What are your assets? To whom do you want to leave your assets? Why have you chosen to do it that way?

The questions and answers should be carefully recorded in a file note. 4. In case of anyone a. over 70; b. being cared for by someone; c. who resides in a nursing home or similar facility; or d. about whom for any other reason the solicitor might have concern about capacity, the solicitor should ask the client and their carer or a care manager in the home or facility whether there is any reason to be concerned about capacity including as a result of any diagnosis, behaviour, medication or the like. Again, full file notes should be kept recording the information which the solicitor obtained, and from whom, in answer to such inquiries. 5. Where there is any doubt about a client’s capacity, then the process set out in sub-paragraph (3) above should be repeated when presenting the draft will to the client for execution.

The practice of simply reading the provisions to a client and seeking his or her assent should be avoided.

It was emphasised that in the many cases that come before the Court, the evidence of the solicitor will be critical.
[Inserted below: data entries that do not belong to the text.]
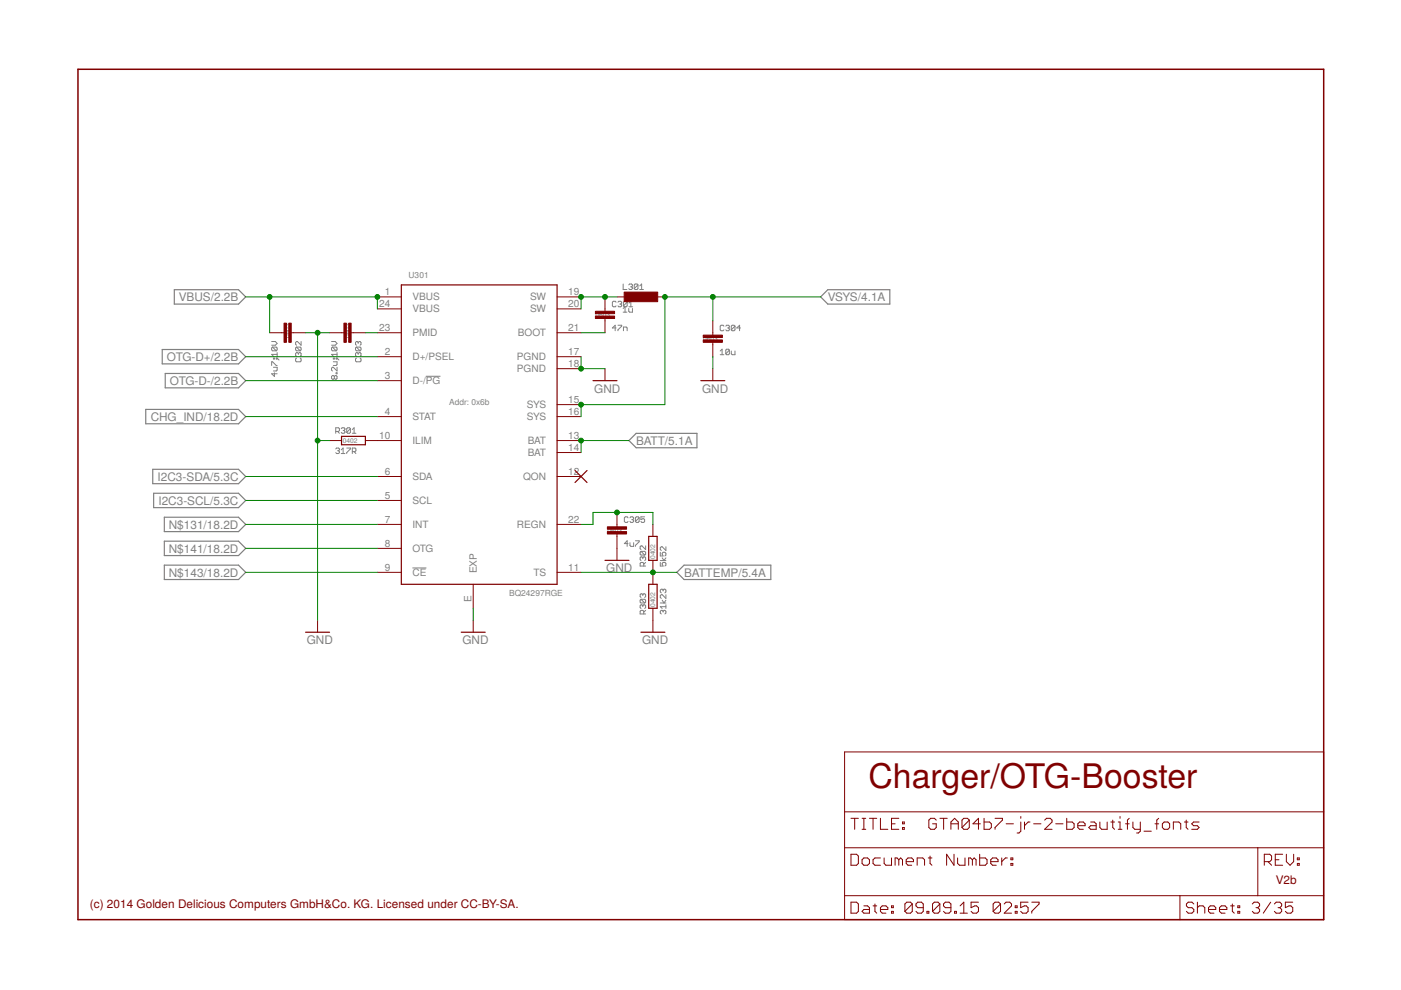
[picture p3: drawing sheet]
<svg xmlns="http://www.w3.org/2000/svg" width="297mm" height="210mm" viewBox="0 0 297 210" stroke-linecap="round" stroke-linejoin="round" font-family="sans-serif">
<g fill="none" stroke="#808080" stroke-width=".21">
<path d="M57.6 77.5v-.8h.2l.8 .8h.2M57.6 72.4h.8l.4 .4-.4 .4h-.8M57.8 73.6l-.2 .2v.4l.2 .2h.8M57.8 73.6h.8l.2 .2v.4l-.2 .2M57.8 73.6l.8 .8M58 77.9h.8v.6l-.2 .2h-.6M58 75.9h.2v.2h-.2zM58.2 79v.8l-.6-.6h1.2M58.6 75.9h.2v.2h-.2zM58.8 75.1h-1.2l.4 .4M58.8 74.8v.7M58.8 75.9l.4 .4"/>
<path d="M62.9 73.6h.7l.2 .2v.4l-.2 .2M62.9 75.9l-.2 .2v.4l.2 .2h.7l.2-.2v-.4l-.2-.2M62.9 73.6l-.2 .2v.4l.2 .2h.7M62.9 73.6l.7 .8M63.3 75l-.2-.2-.4 .2v.4l.2 .1M63.3 75l.2-.2 .3 .2v.4l-.2 .1M63.3 75v.1M63.8 72.4v.8l-.7-.8-.4 .2v.4l.2 .2M70.3 72.4h.8l.4 .4-.4 .4h-.8M70.5 73.6l-.2 .2v.4l.2 .2h.8M70.5 73.6h.8l.2 .2v.4l-.2 .2M70.5 73.6l.8 .8"/>
<path d="M70.7 76.7h.8v.6l-.2 .2h-.6M70.7 75.9h.2v.2h-.2zM70.9 79.8l-.2-.2-.4 .2v.4l.2 .2 .4-.2M70.9 79.8l.2-.2 .4 .2v.4l-.2 .2-.4-.2M70.9 79.8v.4M71.3 75.9h.2v.2h-.2zM71.3 79h.2v.2h-.2zM71.5 77.9v.8l-.8-.8-.4 .2v.4l.2 .2M71.5 74.8v.7M71.5 75.9l.4 .4M71.5 75.1h-1.2l.4 .4M75.6 75.9l-.2 .2v.4l.2 .2h.7l.2-.2v-.4l-.2-.2"/>
<path d="M75.6 73.6l-.2 .2v.4l.2 .2h.7M75.6 73.6h.7l.2 .2v.4l-.2 .2M75.6 73.6l.7 .8M75.9 72.6l-.1-.2-.4 .2v.4l.2 .2M75.9 72.6l.3-.2 .3 .2v.4l-.2 .2M75.9 75l-.1-.2-.4 .2v.4l.2 .1M75.9 75l.3-.2 .3 .2v.4l-.2 .1M75.9 72.6v.2M75.9 75v.1M90.3 79.8h3.1M130.6 69.5h-.8l.6-.5v1.1M130.6 64.1l-.2-.2h-.4l-.2 .2v.8l.2 .1h.4l.2-.1"/>
<path d="M131 69h.8v.2l-.8 .7v.2M131 64.1l.2-.2h.4l.2 .2-.2 .4M131.4 64.5h.2M131.6 64.5l.2 .2-.2 .3h-.4l-.2-.1M132.1 65.4l.4-.4v1.2M132.1 66.2h.8M132.1 60.2v1.2h.8M132.2 70.1v-.8h.6l.2 .2v.6M133 64.1v.8l-.2 .1h-.4l-.2-.1M133 64.1l-.2-.2h-.4l-.2 .2v.8M133 64.1l-.8 .8M133.3 65.4v.6l.2 .2h.6v-.8"/>
<path d="M133.3 60.4l.2-.2h.4l.2 .2-.2 .4M133.3 65h.8M133.3 64.3l.5-.4v1.1M133.7 60.8h.2M133.9 60.8l.2 .2-.2 .4h-.4l-.2-.2M135.3 60.4v.8l-.2 .2h-.4l-.2-.2M135.3 60.4l-.2-.2h-.4l-.2 .2v.8M135.3 60.4l-.8 .8M135.6 60.6l.4-.4v1.2M135.6 61.4h.8M152.7 74.4l.4-.4v1.2M152.7 75.2h.8"/>
<path d="M153.5 69.2l-.2-.2h-.4l-.2 .2v.7l.2 .2h.4l.2-.2M153.9 69.2l.2-.2h.4l.1 .2-.1 .3M154.3 69.5h.2M154.5 69.5l.1 .2-.1 .4h-.4l-.2-.2M154.6 74.2v.8l-.1 .2h-.4l-.2-.2M154.6 74.2l-.1-.2h-.4l-.2 .2v.8M154.6 74.2l-.7 .8M155 74.4v.6l.2 .2h.6v-.8M155.8 69.2l-.2-.2h-.4l-.2 .2v.7M155.8 69.2v.7l-.2 .2h-.4l-.2-.2M155.8 69.2l-.8 .7M157 69.5h-.8l.6-.5v1.1"/>
<path d="M71.2 95.2l.2-.2h.4l.2 .2-.2 .4M71.2 91.5h.6l.2-.2v-.4l-.2-.2h-.6v1.2M71.6 95.6h.2M71.6 91.5l.4 .4M71.8 95.6l.2 .2-.2 .4h-.4l-.2-.2M72.3 96.2h.8M72.3 95.4l.4-.4v1.2M72.3 90.9l.2-.2h.4l.2 .2-.2 .4M72.7 91.3h.2M72.9 91.3l.2 .2-.2 .4h-.4l-.2-.2M73.5 95h.8v.2l-.8 .8v.2M74.3 90.9v.8l-.2 .2h-.4l-.2-.2"/>
<path d="M74.3 90.9l-.2-.2h-.4l-.2 .2v.8M74.3 90.9l-.8 .8M74.7 95.8h.6l.2-.2v-.4l-.2-.2h-.6v1.2M74.7 91.9h.8M74.7 91.1l.4-.4v1.2M75.1 95.8l.4 .4M133.2 115.3h-.8l.6-.6v1.1M133.2 109.8l-.2-.2h-.4l-.2 .2v.8l.2 .2h.4l.2-.2M133.6 115.1v.5l.2 .2h.5v-.7M133.6 109.8l.2-.2h.3l.2 .2-.2 .4M133.9 110.2h.2M134.1 110.2l.2 .2-.2 .4h-.3l-.2-.2"/>
<path d="M134.7 114.7h.8v.2l-.8 .7v.2M135.5 109.8v.8l-.2 .2h-.4l-.2-.2M135.5 109.8l-.2-.2h-.4l-.2 .2v.8M135.5 109.8l-.8 .8M135.9 116.9l-.2 .2v.4l.2 .2h.8M135.9 116.9h.8l.2 .2v.4l-.2 .2M135.9 116.9l.8 .8M136.3 118.3l-.2-.2-.4 .2v.4l.2 .2M136.3 118.3v.2M136.3 118.3l.2-.2 .4 .2v.4l-.2 .2M136.7 109.6h-.8v.6l.4-.2 .4 .2v.4l-.2 .2h-.4l-.2-.2M136.9 115.7v.8l-.8-.8-.4 .2v.4l.2 .2"/>
<path d="M136.9 119.3l-.4 .3M140 117.1v.8h.6l-.2-.4 .2-.4h.4l.2 .2v.4l-.2 .2M140 119.3v.7h.6l-.2-.4 .2-.3h.4l.2 .1v.4l-.2 .2M140 118.9h1.2M140.4 118.3l.4 .6 .4-.6M141.2 115.9v.8l-.8-.8-.4 .2v.4l.2 .2M87.4 120.4h3M135.9 127.1l-.2 .2v.4l.2 .1h.8M135.9 127.1h.8l.2 .2v.4l-.2 .1M135.9 127.1l.8 .7M136.3 128.4l.2-.2 .4 .2v.4l-.2 .2M136.3 126.1l-.2-.2-.4 .2v.4l.2 .2"/>
<path d="M136.3 128.4l-.2-.2-.4 .2v.4l.2 .2M136.3 126.1v.2M136.3 128.4v.2M136.3 126.1l.2-.2 .4 .2v.4l-.2 .2M136.5 130.2v-.6l-.2-.2h-.4l-.2 .2v.6h1.2M136.5 120v-.6l-.2-.1h-.4l-.2 .1v.6h1.2M136.9 129.4l-.4 .4M140 127.8h1.2M140.4 127.3l.4 .5 .4-.5M140.6 129.6l-.2-.2-.4 .2v.4l.2 .2M140.6 125.1l-.2-.2-.4 .2v.4l.2 .2M140.6 129.6l.2-.2 .4 .2v.4l-.2 .2"/>
<path d="M140.6 125.1v.2M140.6 129.6v.2M140.6 125.1l.2-.2 .4 .2v.4l-.2 .2M141.2 126.1v.8l-.8-.8-.4 .2v.4l.2 .2M141.2 128.2v.8M141.2 128.6h-1.2l.4 .4"/>
</g>
<path d="M34.4 74.1h16.2l1.5 1.5-1.5 1.6h-16.2zM35 79.2h15.6l1.5 1.5-1.5 1.5h-15.6zM37 61.4h13.6l1.5 1.5-1.5 1.6h-13.6zM174 62.9l1.5-1.5h13.2v3.1h-13.2zM30.9 86.8h19.7l1.5 1.5-1.5 1.6h-19.7zM32.4 99.5h18.2l1.5 1.5-1.5 1.6h-18.2zM133.3 93.4l1.6-1.5h12.9v3h-12.9zM32.6 104.6h18l1.5 1.5-1.5 1.5h-18zM34.8 109.7h15.8l1.5 1.5-1.5 1.5h-15.8zM34.8 114.7h15.8l1.5 1.6-1.5 1.5h-15.8zM34.8 119.8h15.8l1.5 1.5-1.5 1.6h-15.8zM143.5 121.3l1.5-1.5h18.4v3.1h-18.4z" fill="none" stroke="#808080" stroke-width=".25"/>
<path d="M16.5 14.7h264.1v180.3h-264.1z" fill="none" stroke="#800000" stroke-width=".32"/>
<g fill="none" stroke="#800000" stroke-width=".21">
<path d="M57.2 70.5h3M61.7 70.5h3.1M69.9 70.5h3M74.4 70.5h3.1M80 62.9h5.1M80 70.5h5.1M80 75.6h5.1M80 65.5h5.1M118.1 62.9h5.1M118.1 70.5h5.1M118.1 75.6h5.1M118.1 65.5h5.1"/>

For that reason, it is essential that solicitors make full and contemporaneous file notes of their attendances on the client and any other persons and that those file notes be retained indefinitely.

The weight to be given to a solicitor’s evidence will depend on his or her experience, training, and understanding of the test of testamentary capacity; his or her ability to make an assessment of capacity taken with the quality of the assessment made, as appears from any contemporaneous notes and records; his or her knowledge of and familiarity with the will-maker, including the age and state of health of the will-maker; his or her independence; the will-maker’s presentation to the solicitor; and whether there are any “red flags” suggesting a possible challenge to capacity. It will also depend on the level of enquiry and discussion on the part of the lawyer and with the deceased (see paras [282]-[283]).

Her Honour was critical of the lawyer who drew EP’s will in a number of respects, however in respect of testamentary capacity it was found that, due to the lawyer’s close family connections with both the testator and the beneficiaries, it should have been evident to him that the 2018 will would likely be controversial and that he should not have been acting. Her Honour said

“Had he removed himself as the deceased’s solicitor, it would have been likely that an independent solicitor would have been retained and that solicitor would have obtained a medical opinion from a medical practitioner regarding the testamentary capacity of the deceased at the relevant time.” [para 291]

Further, it was found that “[gi]ven the deceased’s age, his long-standing health and medical issues, it was important for [the solicitor] to follow the type of process for obtaining instructions for elderly clients set out in Ryan v Dalton.” [para 298]

If it ever be thought that it was “easy” to take instructions for a will, this case makes it clear that that is not the case and that fine judgements (e.g. as to capacity) often need to be made and that vigilance needs to be exercised at all times.